The task:
Return all lines from the listing below in which "MATLAB" appears.

Provided data:
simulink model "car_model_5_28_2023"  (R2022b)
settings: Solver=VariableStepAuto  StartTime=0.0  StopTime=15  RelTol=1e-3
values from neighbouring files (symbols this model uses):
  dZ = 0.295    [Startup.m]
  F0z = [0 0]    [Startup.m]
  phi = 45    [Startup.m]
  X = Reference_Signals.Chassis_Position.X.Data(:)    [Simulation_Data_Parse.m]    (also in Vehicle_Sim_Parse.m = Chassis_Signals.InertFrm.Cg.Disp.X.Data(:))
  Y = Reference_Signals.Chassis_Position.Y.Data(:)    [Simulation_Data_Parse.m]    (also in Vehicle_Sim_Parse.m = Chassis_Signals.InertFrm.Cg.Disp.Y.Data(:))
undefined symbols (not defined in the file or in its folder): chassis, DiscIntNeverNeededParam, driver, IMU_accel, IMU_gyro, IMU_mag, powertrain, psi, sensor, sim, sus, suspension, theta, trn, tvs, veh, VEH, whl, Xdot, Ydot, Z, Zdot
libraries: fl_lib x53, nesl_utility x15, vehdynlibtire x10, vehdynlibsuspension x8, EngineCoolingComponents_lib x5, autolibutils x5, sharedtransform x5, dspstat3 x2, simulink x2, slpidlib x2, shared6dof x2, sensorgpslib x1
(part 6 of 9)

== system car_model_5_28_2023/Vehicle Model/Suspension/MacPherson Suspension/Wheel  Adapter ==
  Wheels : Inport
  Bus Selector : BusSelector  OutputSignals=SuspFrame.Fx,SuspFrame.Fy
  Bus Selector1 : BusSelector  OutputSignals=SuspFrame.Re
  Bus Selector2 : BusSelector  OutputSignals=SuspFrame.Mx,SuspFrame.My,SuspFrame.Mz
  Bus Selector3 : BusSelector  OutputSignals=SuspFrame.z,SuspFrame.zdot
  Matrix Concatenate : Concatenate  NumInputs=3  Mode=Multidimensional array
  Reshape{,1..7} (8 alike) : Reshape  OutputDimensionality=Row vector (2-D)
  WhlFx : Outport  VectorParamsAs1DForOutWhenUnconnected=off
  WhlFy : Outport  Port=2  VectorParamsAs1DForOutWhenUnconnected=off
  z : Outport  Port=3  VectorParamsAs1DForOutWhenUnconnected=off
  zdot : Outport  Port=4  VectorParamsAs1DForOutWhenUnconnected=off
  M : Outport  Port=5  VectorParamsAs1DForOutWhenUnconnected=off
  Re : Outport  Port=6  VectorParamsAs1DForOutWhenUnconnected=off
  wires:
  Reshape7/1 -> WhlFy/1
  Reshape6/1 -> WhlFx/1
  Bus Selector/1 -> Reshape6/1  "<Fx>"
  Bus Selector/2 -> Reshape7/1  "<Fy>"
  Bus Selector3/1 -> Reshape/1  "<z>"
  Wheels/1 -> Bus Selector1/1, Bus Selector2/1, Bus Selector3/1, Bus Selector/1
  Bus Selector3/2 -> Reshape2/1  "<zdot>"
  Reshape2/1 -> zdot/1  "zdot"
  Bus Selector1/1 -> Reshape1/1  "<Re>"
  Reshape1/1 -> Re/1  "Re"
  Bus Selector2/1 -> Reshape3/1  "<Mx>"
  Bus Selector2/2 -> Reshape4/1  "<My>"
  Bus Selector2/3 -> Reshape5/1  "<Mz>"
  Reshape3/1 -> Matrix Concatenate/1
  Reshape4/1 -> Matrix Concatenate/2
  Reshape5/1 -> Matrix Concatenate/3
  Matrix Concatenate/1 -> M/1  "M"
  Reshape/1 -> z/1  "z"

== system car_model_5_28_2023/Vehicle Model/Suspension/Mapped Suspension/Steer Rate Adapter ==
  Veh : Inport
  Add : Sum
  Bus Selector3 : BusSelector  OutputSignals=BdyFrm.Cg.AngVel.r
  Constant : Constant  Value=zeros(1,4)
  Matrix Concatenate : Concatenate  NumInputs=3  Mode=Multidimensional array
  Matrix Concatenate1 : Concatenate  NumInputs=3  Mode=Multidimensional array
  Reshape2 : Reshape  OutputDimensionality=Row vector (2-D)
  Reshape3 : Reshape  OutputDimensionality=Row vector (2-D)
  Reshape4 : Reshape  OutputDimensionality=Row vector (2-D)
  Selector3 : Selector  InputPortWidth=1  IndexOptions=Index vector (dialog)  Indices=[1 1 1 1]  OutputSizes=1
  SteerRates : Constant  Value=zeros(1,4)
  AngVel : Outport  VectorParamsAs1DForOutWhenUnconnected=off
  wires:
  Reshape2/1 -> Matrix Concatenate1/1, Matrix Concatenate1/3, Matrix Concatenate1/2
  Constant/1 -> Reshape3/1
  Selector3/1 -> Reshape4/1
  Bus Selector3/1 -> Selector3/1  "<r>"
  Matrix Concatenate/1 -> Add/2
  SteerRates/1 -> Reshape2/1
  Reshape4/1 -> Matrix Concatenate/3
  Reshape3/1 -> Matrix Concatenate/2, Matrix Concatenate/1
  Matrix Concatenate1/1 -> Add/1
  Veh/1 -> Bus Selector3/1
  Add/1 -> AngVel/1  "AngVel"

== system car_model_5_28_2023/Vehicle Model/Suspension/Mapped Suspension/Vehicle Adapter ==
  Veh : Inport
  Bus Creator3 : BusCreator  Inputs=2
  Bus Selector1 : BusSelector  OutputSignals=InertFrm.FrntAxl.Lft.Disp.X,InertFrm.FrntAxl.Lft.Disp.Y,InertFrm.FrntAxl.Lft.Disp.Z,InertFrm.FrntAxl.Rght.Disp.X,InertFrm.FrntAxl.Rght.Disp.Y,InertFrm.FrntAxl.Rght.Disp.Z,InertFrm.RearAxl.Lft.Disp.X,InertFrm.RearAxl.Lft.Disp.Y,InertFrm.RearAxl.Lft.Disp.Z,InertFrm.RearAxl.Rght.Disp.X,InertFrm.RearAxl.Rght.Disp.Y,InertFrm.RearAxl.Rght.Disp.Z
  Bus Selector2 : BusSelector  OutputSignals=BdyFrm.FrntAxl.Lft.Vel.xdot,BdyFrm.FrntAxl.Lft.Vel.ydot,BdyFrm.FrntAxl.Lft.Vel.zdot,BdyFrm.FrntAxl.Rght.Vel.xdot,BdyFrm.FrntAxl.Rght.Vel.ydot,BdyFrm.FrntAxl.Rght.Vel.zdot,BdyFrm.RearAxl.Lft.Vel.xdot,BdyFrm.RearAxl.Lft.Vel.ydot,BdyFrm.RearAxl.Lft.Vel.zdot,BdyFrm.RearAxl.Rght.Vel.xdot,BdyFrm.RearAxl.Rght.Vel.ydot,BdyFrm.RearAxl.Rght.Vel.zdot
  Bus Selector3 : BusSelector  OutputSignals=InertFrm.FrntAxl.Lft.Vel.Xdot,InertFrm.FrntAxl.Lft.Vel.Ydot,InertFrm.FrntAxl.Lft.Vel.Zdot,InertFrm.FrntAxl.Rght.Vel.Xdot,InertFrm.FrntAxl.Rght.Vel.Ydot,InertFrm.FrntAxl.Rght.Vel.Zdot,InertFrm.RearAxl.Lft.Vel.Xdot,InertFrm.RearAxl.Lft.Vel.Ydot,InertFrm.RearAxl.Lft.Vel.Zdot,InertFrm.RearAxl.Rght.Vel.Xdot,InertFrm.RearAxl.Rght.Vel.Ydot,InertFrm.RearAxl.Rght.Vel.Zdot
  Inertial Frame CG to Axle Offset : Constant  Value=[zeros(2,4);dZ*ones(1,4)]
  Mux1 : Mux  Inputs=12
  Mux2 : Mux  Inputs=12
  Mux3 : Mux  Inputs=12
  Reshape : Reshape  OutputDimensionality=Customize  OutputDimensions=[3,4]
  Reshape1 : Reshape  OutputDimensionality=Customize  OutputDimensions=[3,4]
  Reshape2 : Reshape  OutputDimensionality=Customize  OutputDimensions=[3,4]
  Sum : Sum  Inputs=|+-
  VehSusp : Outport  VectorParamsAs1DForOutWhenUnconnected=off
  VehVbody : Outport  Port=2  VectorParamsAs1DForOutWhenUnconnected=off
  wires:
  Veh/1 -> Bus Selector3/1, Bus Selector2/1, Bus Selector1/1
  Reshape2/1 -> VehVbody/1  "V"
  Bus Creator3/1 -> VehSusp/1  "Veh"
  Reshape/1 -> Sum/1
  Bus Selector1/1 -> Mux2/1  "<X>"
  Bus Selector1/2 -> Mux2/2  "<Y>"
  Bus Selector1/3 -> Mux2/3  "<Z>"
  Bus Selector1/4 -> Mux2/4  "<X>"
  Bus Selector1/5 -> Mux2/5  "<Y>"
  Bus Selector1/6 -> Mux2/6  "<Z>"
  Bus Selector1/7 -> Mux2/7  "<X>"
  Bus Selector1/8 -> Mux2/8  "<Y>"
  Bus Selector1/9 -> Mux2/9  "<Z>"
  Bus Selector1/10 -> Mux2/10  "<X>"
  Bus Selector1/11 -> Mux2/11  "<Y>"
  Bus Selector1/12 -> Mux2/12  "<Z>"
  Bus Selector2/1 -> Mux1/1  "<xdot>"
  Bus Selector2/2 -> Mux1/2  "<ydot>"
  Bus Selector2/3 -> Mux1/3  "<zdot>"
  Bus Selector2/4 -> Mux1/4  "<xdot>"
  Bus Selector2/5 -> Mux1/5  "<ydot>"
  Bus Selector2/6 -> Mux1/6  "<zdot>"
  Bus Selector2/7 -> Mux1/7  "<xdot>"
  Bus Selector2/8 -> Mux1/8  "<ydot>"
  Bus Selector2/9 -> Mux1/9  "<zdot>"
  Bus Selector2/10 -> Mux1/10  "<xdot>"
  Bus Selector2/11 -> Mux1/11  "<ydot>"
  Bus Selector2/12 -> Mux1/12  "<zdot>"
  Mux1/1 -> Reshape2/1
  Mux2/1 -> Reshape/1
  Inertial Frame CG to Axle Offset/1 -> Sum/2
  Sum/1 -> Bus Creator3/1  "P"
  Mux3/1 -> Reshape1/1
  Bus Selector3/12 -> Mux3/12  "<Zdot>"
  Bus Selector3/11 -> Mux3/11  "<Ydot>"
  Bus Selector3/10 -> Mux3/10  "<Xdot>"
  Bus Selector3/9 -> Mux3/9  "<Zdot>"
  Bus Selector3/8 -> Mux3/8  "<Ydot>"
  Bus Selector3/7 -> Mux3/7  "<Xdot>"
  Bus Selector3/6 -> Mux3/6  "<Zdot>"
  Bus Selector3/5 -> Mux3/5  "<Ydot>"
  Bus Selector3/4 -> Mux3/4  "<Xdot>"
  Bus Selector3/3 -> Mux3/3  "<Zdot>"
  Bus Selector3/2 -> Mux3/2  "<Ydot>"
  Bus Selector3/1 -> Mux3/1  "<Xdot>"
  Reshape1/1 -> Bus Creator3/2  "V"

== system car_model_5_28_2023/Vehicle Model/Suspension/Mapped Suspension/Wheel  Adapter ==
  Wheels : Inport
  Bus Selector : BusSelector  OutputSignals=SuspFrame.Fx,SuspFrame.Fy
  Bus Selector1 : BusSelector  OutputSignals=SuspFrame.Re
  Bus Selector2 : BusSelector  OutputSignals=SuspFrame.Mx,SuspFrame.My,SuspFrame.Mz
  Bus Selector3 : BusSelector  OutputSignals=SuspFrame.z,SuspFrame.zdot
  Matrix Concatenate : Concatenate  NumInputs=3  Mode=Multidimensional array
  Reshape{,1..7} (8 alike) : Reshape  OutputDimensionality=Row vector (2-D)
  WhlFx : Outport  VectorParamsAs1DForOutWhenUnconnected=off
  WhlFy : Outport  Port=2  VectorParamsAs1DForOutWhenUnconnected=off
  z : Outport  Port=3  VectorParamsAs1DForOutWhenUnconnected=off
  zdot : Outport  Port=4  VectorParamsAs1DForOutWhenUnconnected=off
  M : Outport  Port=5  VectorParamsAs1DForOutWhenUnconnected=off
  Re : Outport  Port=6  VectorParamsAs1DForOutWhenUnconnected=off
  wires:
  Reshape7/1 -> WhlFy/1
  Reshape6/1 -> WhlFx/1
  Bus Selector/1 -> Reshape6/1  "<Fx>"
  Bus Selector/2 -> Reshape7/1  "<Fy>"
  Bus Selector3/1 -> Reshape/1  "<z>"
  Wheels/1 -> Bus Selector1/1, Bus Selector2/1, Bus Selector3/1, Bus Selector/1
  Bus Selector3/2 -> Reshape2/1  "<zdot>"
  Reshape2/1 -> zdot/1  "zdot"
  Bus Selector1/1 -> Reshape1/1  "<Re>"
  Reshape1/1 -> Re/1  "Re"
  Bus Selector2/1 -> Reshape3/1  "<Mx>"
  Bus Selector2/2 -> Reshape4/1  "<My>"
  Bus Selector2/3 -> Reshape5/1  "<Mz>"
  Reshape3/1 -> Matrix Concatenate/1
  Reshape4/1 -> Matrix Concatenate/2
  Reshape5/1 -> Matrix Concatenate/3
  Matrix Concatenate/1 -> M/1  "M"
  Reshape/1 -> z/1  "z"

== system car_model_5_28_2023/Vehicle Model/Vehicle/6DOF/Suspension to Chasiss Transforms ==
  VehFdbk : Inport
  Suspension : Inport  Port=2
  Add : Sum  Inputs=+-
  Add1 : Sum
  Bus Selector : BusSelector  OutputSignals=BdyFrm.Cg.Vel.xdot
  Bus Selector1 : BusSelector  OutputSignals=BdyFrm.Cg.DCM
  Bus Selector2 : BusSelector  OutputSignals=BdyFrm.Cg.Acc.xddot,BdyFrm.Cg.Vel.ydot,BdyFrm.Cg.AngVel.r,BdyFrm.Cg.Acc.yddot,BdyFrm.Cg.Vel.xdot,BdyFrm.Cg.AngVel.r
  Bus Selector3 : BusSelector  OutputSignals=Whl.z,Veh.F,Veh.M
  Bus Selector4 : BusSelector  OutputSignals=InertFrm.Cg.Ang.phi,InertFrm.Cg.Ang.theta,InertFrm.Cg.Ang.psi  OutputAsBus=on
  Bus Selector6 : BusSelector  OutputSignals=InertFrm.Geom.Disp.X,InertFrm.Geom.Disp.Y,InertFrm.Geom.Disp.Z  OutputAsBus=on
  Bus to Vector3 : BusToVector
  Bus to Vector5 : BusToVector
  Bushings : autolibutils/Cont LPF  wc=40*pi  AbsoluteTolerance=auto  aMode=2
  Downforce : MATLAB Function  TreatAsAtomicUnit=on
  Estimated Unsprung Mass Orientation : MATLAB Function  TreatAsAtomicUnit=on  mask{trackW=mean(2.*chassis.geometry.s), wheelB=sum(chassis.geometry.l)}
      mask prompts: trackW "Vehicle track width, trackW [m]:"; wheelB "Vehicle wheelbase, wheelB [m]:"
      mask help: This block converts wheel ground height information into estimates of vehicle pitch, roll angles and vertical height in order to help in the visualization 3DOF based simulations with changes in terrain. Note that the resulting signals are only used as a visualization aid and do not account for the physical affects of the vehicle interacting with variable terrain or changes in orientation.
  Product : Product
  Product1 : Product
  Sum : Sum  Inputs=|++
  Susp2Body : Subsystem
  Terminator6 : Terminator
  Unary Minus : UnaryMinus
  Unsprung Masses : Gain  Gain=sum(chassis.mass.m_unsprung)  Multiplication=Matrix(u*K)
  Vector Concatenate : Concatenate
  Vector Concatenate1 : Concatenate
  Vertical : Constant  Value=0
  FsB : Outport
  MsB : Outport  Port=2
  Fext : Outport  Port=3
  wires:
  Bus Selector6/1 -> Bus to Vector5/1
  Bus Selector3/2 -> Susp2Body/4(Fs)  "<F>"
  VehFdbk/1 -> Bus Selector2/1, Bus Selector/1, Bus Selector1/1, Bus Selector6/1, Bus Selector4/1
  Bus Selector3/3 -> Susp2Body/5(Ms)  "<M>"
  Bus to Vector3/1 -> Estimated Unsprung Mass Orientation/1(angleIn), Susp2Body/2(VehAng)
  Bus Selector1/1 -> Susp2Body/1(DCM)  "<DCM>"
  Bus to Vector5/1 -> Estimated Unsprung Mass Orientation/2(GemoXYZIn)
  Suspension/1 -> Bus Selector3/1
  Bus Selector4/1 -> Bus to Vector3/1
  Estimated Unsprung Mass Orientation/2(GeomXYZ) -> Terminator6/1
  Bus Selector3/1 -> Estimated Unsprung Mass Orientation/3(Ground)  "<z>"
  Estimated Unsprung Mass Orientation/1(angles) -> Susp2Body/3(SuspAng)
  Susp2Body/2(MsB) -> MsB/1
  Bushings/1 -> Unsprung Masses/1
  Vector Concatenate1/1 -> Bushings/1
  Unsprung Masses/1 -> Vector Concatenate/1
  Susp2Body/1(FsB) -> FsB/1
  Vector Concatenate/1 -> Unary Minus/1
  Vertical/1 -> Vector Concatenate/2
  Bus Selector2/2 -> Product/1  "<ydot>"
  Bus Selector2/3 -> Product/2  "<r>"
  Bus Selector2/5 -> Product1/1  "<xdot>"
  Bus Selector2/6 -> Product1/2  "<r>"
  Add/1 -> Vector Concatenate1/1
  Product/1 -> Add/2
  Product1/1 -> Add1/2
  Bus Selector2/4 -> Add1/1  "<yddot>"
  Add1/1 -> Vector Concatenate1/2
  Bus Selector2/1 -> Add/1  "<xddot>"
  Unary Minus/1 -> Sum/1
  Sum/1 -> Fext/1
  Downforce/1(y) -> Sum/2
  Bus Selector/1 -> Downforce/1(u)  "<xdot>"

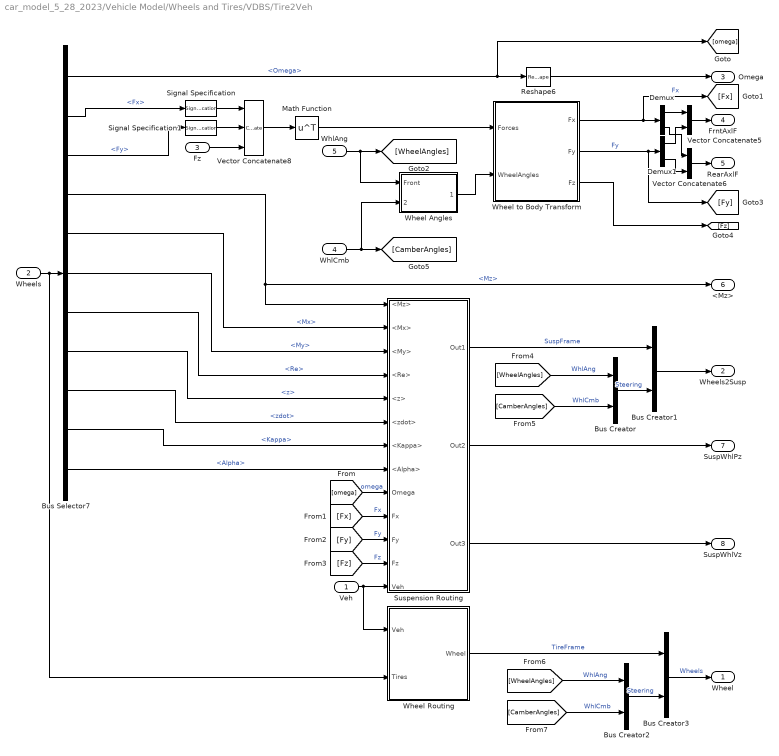
== system car_model_5_28_2023/Vehicle Model/Wheels and Tires/VDBS/Tire2Veh ==
  Veh : Inport
  Wheels : Inport  Port=2
  Fz : Inport  Port=3  PortDimensions=4
  WhlCmb : Inport  Port=4
  WhlAng : Inport  Port=5
  Bus Creator{,1..3} (4 alike) : BusCreator  Inputs=2
  Bus Selector7 : BusSelector  OutputSignals=Omega,Fx,Fy,Mz,Mx,My,Re,z,zdot,Kappa,Alpha
  Demux : Demux  Outputs=[2,2]
  Demux1 : Demux  Outputs=[2,2]
  Math Function : Math  Operator=transpose  SignedPower=on
  Reshape6 : Reshape  OutputDimensionality=Customize  OutputDimensions=[2,2]
  Signal Specification : SignalSpecification  Dimensions=4
  Signal Specification1 : SignalSpecification  Dimensions=4
  Suspension Routing : Subsystem
  Vector Concatenate5 : Concatenate  Mode=Multidimensional array  ConcatenateDimension=2
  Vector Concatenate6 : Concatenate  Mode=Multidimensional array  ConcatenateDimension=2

Exercise result:
  Downforce : MATLAB Function  TreatAsAtomicUnit=on
  Estimated Unsprung Mass Orientation : MATLAB Function  TreatAsAtomicUnit=on  mask{trackW=mean(2.*chassis.geometry.s), wheelB=sum(chassis.geometry.l)}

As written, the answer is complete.